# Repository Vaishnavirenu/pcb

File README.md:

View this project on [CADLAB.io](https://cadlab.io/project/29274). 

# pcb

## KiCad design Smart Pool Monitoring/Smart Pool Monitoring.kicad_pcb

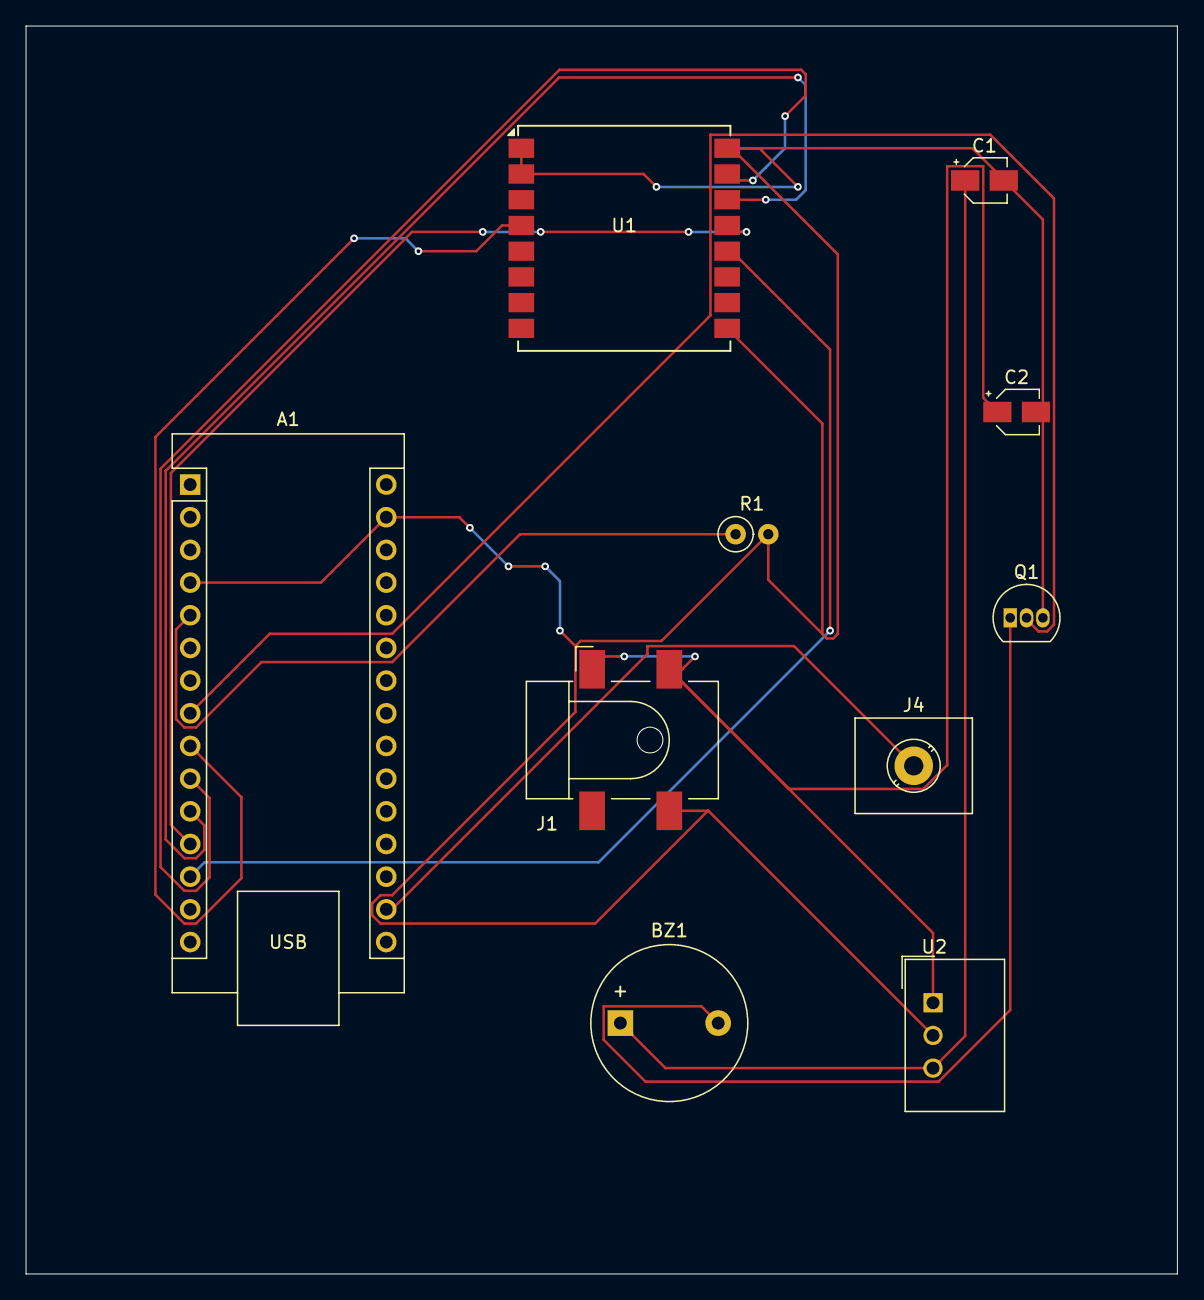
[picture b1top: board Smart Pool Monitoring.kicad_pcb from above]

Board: 2 copper layers, 89.5 x 97.0 mm, 10 parts (0 on the bottom side), 12 nets.

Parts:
A1: Arduino_Nano_Every; Arduino_Nano
BZ1: Buzzer; Buzzer_12x9.5RM7.6
C1, C2: C; CP_Elec_3x5.3
J1: Barrel_Jack; BarrelJack_CLIFF_FC681465S_SMT_Horizontal
J4: Screw_Terminal_01x02; TerminalBlock_MetzConnect_360271_1x01_Horizontal_ScrewM3.0_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
Q1: BC547; TO-92_Inline
R1: R; R_Axial_DIN0207_L6.3mm_D2.5mm_P2.54mm_Vertical
U1: Ai-Thinker-Ra-02; Ai-Thinker-Ra-01-LoRa
U2: L7805; Converter_DCDC_TRACO_TSR1-xxxxE_THT

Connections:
GND: A1.4 (GND), A1.29 (GND), C1.2, C2.2, J1.2, Q1.3 (E), R1.2, U1.1 (GND), U1.2 (GND), U1.9 (GND), U1.16 (GND), U2.2 (GND)
unnamed: A1.17 (3V3), J4.1
unnamed: A1.5 (D2), R1.1
unnamed: A1.8 (D5), Q1.2 (B)
unnamed: A1.9 (D6), U1.4 (~RESET)
unnamed: A1.10 (D7), U1.15 (~NSS)
unnamed: A1.11 (D8), U1.14 (MOSI)
unnamed: A1.12 (D9), U1.13 (MISO)
unnamed: A1.13 (D10), U1.12 (SCK)
unnamed: BZ1.1 (+), C1.1, U2.3 (OUT)
unnamed: BZ1.2 (-), Q1.1 (C)
unnamed: C2.1, J1.1, U2.1 (IN)

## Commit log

2025-04-19 Backlink to CADLAB.io has been added.

= = = = =

**Aim of the exercise**
Count how many lines in the listing above hold "Smart". Supply only that number.

**Exercise solution**
2